農学部 生命環境農学科 植物菌類生産科学コース 教授
山口 武視

メッセージ

 私は「作物愛は地球を救う」をテーマにしています。それは作物をよく観察することから生まれてきます。
 よく観察すると植物のいろいろなシグナルを知ることができます。そうすると、作物の能力を最大限発揮でき、かつ環境にやさしい栽培技術が適用できます。すなわち、作物愛は地球を救うことになるのです。農学は一人の天才によって飛躍的に発展する学問ではなく、皆が額に汗をした努力によって成り立つ学問です。だからこそ、農学はおもしろいのです。
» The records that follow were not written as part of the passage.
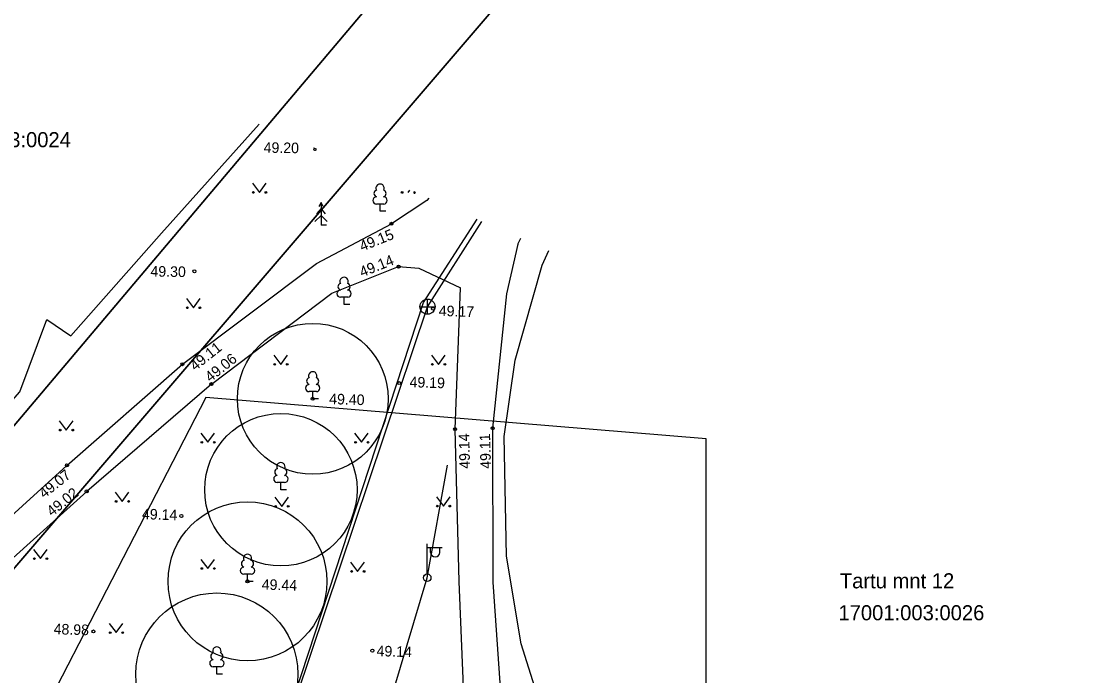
# Model space of a CAD drawing. Extents: x 640179 to 641556, y 6455895 to 6457208.
# Drawn here: x 641164.6 to 641235.4, y 6456352.1 to 6456395.4 of the extents above; entities that cross this region are included whole.
import ezdxf

# ---------------------------------------------------------------- set-up
doc = ezdxf.new("R2010")
doc.units = 0
for name, color, linetype in [('HALJASTUS', 7, 'Continuous'), ('KKAEV', 7, 'Continuous'), ('KORGUS-EH2000', 7, 'Continuous'), ('KTRASS', 7, 'Continuous'), ('MOOTPIIR', 7, 'Continuous'), ('MPOHULIIN', 7, 'Continuous'), ('PIIR', 7, 'Continuous'), ('POST', 7, 'Continuous'), ('PUU', 7, 'Continuous'), ('TEE', 7, 'Continuous'), ('VTRASS', 7, 'Continuous')]:
    doc.layers.add(name, color=color, linetype=linetype)

msp = doc.modelspace()

# ---------------------------------------------------------------- linework, layer by layer
at = {"layer": 'HALJASTUS'}
for p, q in [((641179.948, 6456384.714), (641180.411, 6456384.108)), ((641180.411, 6456384.108), (641180.857, 6456384.714)), ((641190.268, 6456384.108), (641190.386, 6456384.268)), ((641190.751, 6456384.11), (641190.66, 6456384.149)), ((641175.574, 6456377.073), (641176.038, 6456376.466)), ((641176.038, 6456376.466), (641176.483, 6456377.073)), ((641181.365, 6456373.328), (641181.828, 6456372.721)), ((641181.828, 6456372.721), (641182.274, 6456373.328)), ((641191.809, 6456373.328), (641192.272, 6456372.721)), ((641192.272, 6456372.721), (641192.718, 6456373.328)), ((641167.154, 6456368.975), (641167.617, 6456368.368)), ((641167.617, 6456368.368), (641168.063, 6456368.975)), ((641176.534, 6456368.169), (641176.998, 6456367.562)), ((641176.998, 6456367.562), (641177.443, 6456368.169)), ((641186.717, 6456368.169), (641187.181, 6456367.562)), ((641187.181, 6456367.562), (641187.626, 6456368.169)), ((641170.855, 6456364.25), (641171.319, 6456363.644)), ((641171.319, 6456363.644), (641171.764, 6456364.25)), ((641181.43, 6456363.924), (641181.893, 6456363.317)), ((641181.893, 6456363.317), (641182.339, 6456363.924)), ((641192.135, 6456363.94), (641192.599, 6456363.333)), ((641192.599, 6456363.333), (641193.044, 6456363.94)), ((641165.437, 6456360.462), (641165.901, 6456359.856)), ((641165.901, 6456359.856), (641166.346, 6456360.462)), ((641176.534, 6456359.809), (641176.998, 6456359.203)), ((641176.998, 6456359.203), (641177.443, 6456359.809)), ((641186.456, 6456359.613), (641186.92, 6456359.007)), ((641186.92, 6456359.007), (641187.365, 6456359.613)), ((641170.463, 6456355.564), (641170.927, 6456354.958)), ((641170.927, 6456354.958), (641171.372, 6456355.564))]:
    msp.add_line(p, q, dxfattribs=at)
msp.add_lwpolyline([(641156.786, 6456361.515), (641157.793, 6456362.749), (641158.042, 6456363.529), (641164.541, 6456370.892), (641166.318, 6456375.687), (641167.922, 6456374.615), (641173.933, 6456381.415), (641180.404, 6456388.619)], dxfattribs=at)
for centre in [(641180.01, 6456384.108), (641180.839, 6456384.108), (641189.867, 6456384.108), (641175.637, 6456376.466), (641176.466, 6456376.466), (641181.427, 6456372.721), (641182.256, 6456372.721), (641191.871, 6456372.721), (641192.7, 6456372.721), (641167.216, 6456368.368), (641168.045, 6456368.368), (641176.597, 6456367.562), (641177.425, 6456367.562), (641186.78, 6456367.562), (641187.608, 6456367.562), (641170.917, 6456363.644), (641171.746, 6456363.644), (641181.492, 6456363.317), (641182.321, 6456363.317), (641192.198, 6456363.333), (641193.026, 6456363.333), (641165.5, 6456359.856), (641166.328, 6456359.856), (641176.597, 6456359.203), (641177.425, 6456359.203), (641186.519, 6456359.007), (641187.347, 6456359.007), (641170.526, 6456354.958), (641171.355, 6456354.958)]:
    msp.add_circle(centre, 0.055, dxfattribs=at)
msp.add_arc((641190.696, 6456384.108), 0.055, 130.8151, 2.08289, dxfattribs=at)
at = {"layer": 'KKAEV'}
for p, q in [((641191.551, 6456376.041), (641191.551, 6456377.041)), ((641191.051, 6456376.541), (641192.051, 6456376.541))]:
    msp.add_line(p, q, dxfattribs=at)
msp.add_circle((641191.551, 6456376.541), 0.5, dxfattribs=at)
at = {"layer": 'KORGUS-EH2000'}
msp.add_line((641184.199, 6456386.965), (641184.017, 6456387.045), dxfattribs=at)
for centre in [(641189.158, 6456382.032), (641176.109, 6456378.883), (641189.636, 6456379.195), (641191.913, 6456376.404), (641175.31, 6456372.73), (641177.229, 6456371.412), (641189.672, 6456371.48), (641183.944, 6456370.44), (641193.376, 6456368.433), (641195.865, 6456368.49), (641167.662, 6456366.033), (641168.967, 6456364.311), (641175.242, 6456362.679), (641179.622, 6456358.35), (641169.414, 6456355.035), (641187.894, 6456353.764)]:
    msp.add_circle(centre, 0.1, dxfattribs=at)
msp.add_arc((641184.103, 6456386.995), 0.1, 149.91426, 342.98374, dxfattribs=at)
at = {"layer": 'KTRASS'}
for p, q in [((641191.551, 6456376.541), (641195.148, 6456382.193)), ((641182.859, 6456350.702), (641191.551, 6456376.541))]:
    msp.add_line(p, q, dxfattribs=at)
at = {"layer": 'MOOTPIIR'}
msp.add_lwpolyline([(640705.273, 6456241.732), (640732.529, 6456253.38), (640766.77, 6456272.428), (640776.357, 6456283.116), (640890.647, 6456380.261), (641031.9, 6456443.34), (641113.718, 6456354.577), (641107.065, 6456296.65), (641131.718, 6456293.635), (641136.649, 6456317.205), (641149.523, 6456321.042), (641165.411, 6456317.89), (641168.37, 6456324.74), (641205.655, 6456344.816), (641210.013, 6456345.047), (641210.013, 6456367.795), (641176.868, 6456370.535), (641165.156, 6456347.827), (641057.265, 6456461.53), (641116.446, 6456529.741), (641210.388, 6456658.682), (641241.547, 6456680.745)], dxfattribs=at)
at = {"layer": 'MPOHULIIN'}
msp.add_lwpolyline([(641183.719, 6456332.402), (641191.529, 6456358.593), (641192.868, 6456366.045)], dxfattribs=at)
at = {"layer": 'PIIR'}
for points in [[(641395.61, 6456499.51), (641395.08, 6456264.88), (641369.56, 6456253.33), (641175.82, 6456336.75), (641158.23, 6456352.31), (641196.83, 6456397.32), (641204.34, 6456418.51), (641196.51, 6456421.16), (641219.71, 6456463.11), (641328.48, 6456490.08)], [(641163.26, 6456403.17), (641173.82, 6456414.18), (641189.69, 6456401.86), (641191.19, 6456400.68), (641153.7, 6456356.31), (641135.33, 6456374.51)]]:
    msp.add_lwpolyline(points, close=True, dxfattribs=at)
msp.add_lwpolyline([(641249.24, 6456287.51), (641220.48, 6456299.72), (641192.95, 6456312.44), (641163.48, 6456324.53), (641133.32, 6456337.42), (641123.8, 6456359.79), (641095.35, 6456387.95), (641077.2, 6456405.9), (641059.88, 6456423.03), (641039.47, 6456443.23), (641058.08, 6456448.04), (641096.71, 6456411.56), (641110.81, 6456397.99), (641135.33, 6456374.51), (641153.7, 6456356.31), (641191.19, 6456400.68), (641189.69, 6456401.86), (641196.51, 6456421.16), (641204.34, 6456418.51), (641196.83, 6456397.32), (641158.23, 6456352.31), (641175.82, 6456336.75), (641369.56, 6456253.33)], dxfattribs=at)
at = {"layer": 'POST'}
for p, q in [((641191.528, 6456358.843), (641191.528, 6456360.843)), ((641191.528, 6456360.593), (641192.528, 6456360.593)), ((641191.755, 6456360.272), (641191.755, 6456360.593)), ((641192.368, 6456360.272), (641192.368, 6456360.593)), ((641191.528, 6456358.593), (641191.528, 6456358.593))]:
    msp.add_line(p, q, dxfattribs=at)
msp.add_circle((641191.529, 6456358.593), 0.25, dxfattribs=at)
msp.add_arc((641192.061, 6456360.272), 0.306, 180, 0, dxfattribs=at)
at = {"layer": 'PUU'}
for p, q in [((641184.494, 6456383.435), (641184.344, 6456383.185)), ((641184.644, 6456383.185), (641184.494, 6456383.435)), ((641184.494, 6456383.435), (641184.494, 6456381.935)), ((641188.646, 6456383.34), (641188.166, 6456383.34)), ((641188.406, 6456382.865), (641188.406, 6456383.34)), ((641184.494, 6456382.585), (641184.094, 6456382.185)), ((641184.494, 6456383.035), (641184.194, 6456382.685)), ((641184.794, 6456382.685), (641184.494, 6456383.035)), ((641184.894, 6456382.185), (641184.494, 6456382.585)), ((641188.786, 6456382.865), (641188.406, 6456382.865)), ((641184.854, 6456381.935), (641184.494, 6456381.935)), ((641186.26, 6456377.166), (641185.78, 6456377.166)), ((641186.02, 6456376.691), (641186.02, 6456377.166)), ((641186.4, 6456376.691), (641186.02, 6456376.691)), ((641184.184, 6456370.915), (641183.704, 6456370.915)), ((641183.944, 6456370.44), (641183.944, 6456370.915)), ((641184.324, 6456370.44), (641183.944, 6456370.44)), ((641182.074, 6456364.895), (641181.594, 6456364.895)), ((641181.834, 6456364.42), (641181.834, 6456364.895)), ((641182.214, 6456364.42), (641181.834, 6456364.42)), ((641179.862, 6456358.825), (641179.382, 6456358.825)), ((641179.622, 6456358.35), (641179.622, 6456358.825)), ((641180.002, 6456358.35), (641179.622, 6456358.35)), ((641177.834, 6456352.69), (641177.354, 6456352.69)), ((641177.594, 6456352.215), (641177.594, 6456352.69)), ((641177.974, 6456352.215), (641177.594, 6456352.215))]:
    msp.add_line(p, q, dxfattribs=at)
for centre, radius in [((641183.944, 6456370.44), 4.994), ((641181.834, 6456364.42), 5.049), ((641179.622, 6456358.35), 5.262), ((641177.594, 6456352.215), 5.366)]:
    msp.add_circle(centre, radius, dxfattribs=at)
for centre, radius, start, end in [((641188.406, 6456384.385), 0.277, 332.5799, 207.4201), ((641188.236, 6456384.037), 0.233, 109.02174, 253.14154), ((641188.576, 6456384.037), 0.233, 286.85082, 70.98591), ((641188.168, 6456383.577), 0.238, 90.0016, 269.3953), ((641188.643, 6456383.577), 0.238, 270.6047, 89.9984), ((641186.02, 6456378.211), 0.277, 332.5799, 207.4201), ((641185.782, 6456377.403), 0.238, 90.0016, 269.3953), ((641185.85, 6456377.863), 0.233, 109.02174, 253.14154), ((641186.19, 6456377.863), 0.233, 286.85082, 70.98591), ((641186.257, 6456377.403), 0.238, 270.6047, 89.9984), ((641183.944, 6456371.96), 0.277, 332.5799, 207.4201), ((641183.706, 6456371.152), 0.238, 90.0016, 269.3953), ((641183.773, 6456371.612), 0.233, 109.02174, 253.14154), ((641184.114, 6456371.612), 0.233, 286.85082, 70.98591), ((641184.181, 6456371.152), 0.238, 270.6047, 89.9984), ((641181.834, 6456365.94), 0.277, 332.5799, 207.4201), ((641181.664, 6456365.593), 0.233, 109.02174, 253.14154), ((641182.004, 6456365.593), 0.233, 286.85082, 70.98591), ((641181.596, 6456365.133), 0.238, 90.0016, 269.3953), ((641182.071, 6456365.133), 0.238, 270.6047, 89.9984), ((641179.622, 6456359.87), 0.277, 332.5799, 207.4201), ((641179.385, 6456359.062), 0.238, 90.0016, 269.3953), ((641179.452, 6456359.522), 0.233, 109.02174, 253.14154), ((641179.792, 6456359.522), 0.233, 286.85082, 70.98591), ((641179.86, 6456359.062), 0.238, 270.6047, 89.9984), ((641177.424, 6456353.388), 0.233, 109.02174, 253.14154), ((641177.594, 6456353.735), 0.277, 332.5799, 207.4201), ((641177.764, 6456353.388), 0.233, 286.85082, 70.98591), ((641177.356, 6456352.927), 0.238, 90.0016, 269.3953), ((641177.831, 6456352.927), 0.238, 270.6047, 89.9984)]:
    msp.add_arc(centre, radius, start, end, dxfattribs=at)
at = {"layer": 'TEE'}
for points in [[(641191.633, 6456383.725), (641191.507, 6456383.567), (641189.158, 6456382.032)], [(641159.061, 6456358.225), (641167.662, 6456366.033), (641175.31, 6456372.73), (641184.193, 6456379.4), (641189.158, 6456382.032)], [(641197.535, 6456380.684), (641197.724, 6456381.07)], [(641197.535, 6456380.684), (641196.775, 6456377.395), (641195.865, 6456368.49), (641195.873, 6456358.308), (641196.529, 6456348.78), (641195.709, 6456338.687)], [(641202.634, 6456342.205), (641202.516, 6456342.382), (641199.645, 6456348.182), (641197.75, 6456354.211), (641196.791, 6456360.021), (641196.632, 6456367.953), (641197.353, 6456372.995), (641199.149, 6456379.291), (641199.58, 6456380.261)], [(641177.229, 6456371.412), (641185.216, 6456377.43), (641189.636, 6456379.195), (641190.982, 6456379.086), (641193.74, 6456377.791)], [(641190.758, 6456336.171), (641192.688, 6456339.818), (641194.093, 6456344.365), (641194.043, 6456345.43), (641194.051, 6456348.669), (641193.654, 6456358.353), (641193.376, 6456368.433), (641193.74, 6456377.791)], [(641177.229, 6456371.412), (641168.967, 6456364.311), (641160.544, 6456356.737), (641155.318, 6456352.647)]]:
    msp.add_lwpolyline(points, dxfattribs=at)
at = {"layer": 'VTRASS'}
msp.add_lwpolyline([(641175.973, 6456337.039), (641182.763, 6456350.828), (641191.291, 6456376.813), (641194.843, 6456382.326)], dxfattribs=at)

# ---------------------------------------------------------------- texts
at = {"layer": 'KORGUS-EH2000'}
for s, rotation, p in [('49.20', 359.12375, (641180.686, 6456386.736)), ('49.15', 21.80919, (641187.214, 6456380.19)), ('49.14', 21.80919, (641187.214, 6456378.484)), ('49.30', 359.12375, (641173.189, 6456378.538)), ('49.17', 358.25272, (641192.288, 6456375.927)), ('49.11', 38.40978, (641176.153, 6456372.256)), ('49.06', 38.40978, (641177.154, 6456371.509)), ('49.19', 358.25272, (641190.351, 6456371.208)), ('49.40', 358.25272, (641185.026, 6456370.091)), ('49.14', 91.73578, (641194.376, 6456365.816)), ('49.11', 91.73578, (641195.762, 6456365.816)), ('49.07', 38.40978, (641166.148, 6456363.81)), ('49.02', 38.40978, (641166.66, 6456362.616)), ('49.14', 358.25272, (641172.621, 6456362.469)), ('49.44', 358.25272, (641180.559, 6456357.805)), ('48.98', 358.25272, (641166.769, 6456354.854)), ('49.14', 358.25272, (641188.165, 6456353.401))]:
    msp.add_text(s, height=0.7, rotation=rotation, dxfattribs=at).set_placement(p)
at = {"layer": 'PIIR'}
for s, p in [('17001:003:0024', (641158.256, 6456387.101)), ('Tartu mnt 12', (641218.866, 6456357.887)), ('17001:003:0026', (641218.774, 6456355.773))]:
    msp.add_text(s, height=1, dxfattribs=at).set_placement(p)

doc.saveas('drawing.dxf')

ぜひ、農学に興味を持ってください。

先生の学問へのきっかけ

 中学生の時に「もし日本が海上封鎖をされたら」というドキュメンタリー番組を見て、食料が枯渇することに危機感を感じ、自分で食料を確保したい、そのためには農業しかないと思うようになりました。
 そうして農学部に進学しましたが、実際に栽培を経験してみると、なかなかうまくいきません。植物は正直です。水やりなど、正しい方法で世話をしないと育ってくれないのです。しかし、「正しい方法」を学ぶのは簡単ではありません。毎日観察する中で、科学的な知識を使って少しでも良い方法を開発することに興味を持つようになりました。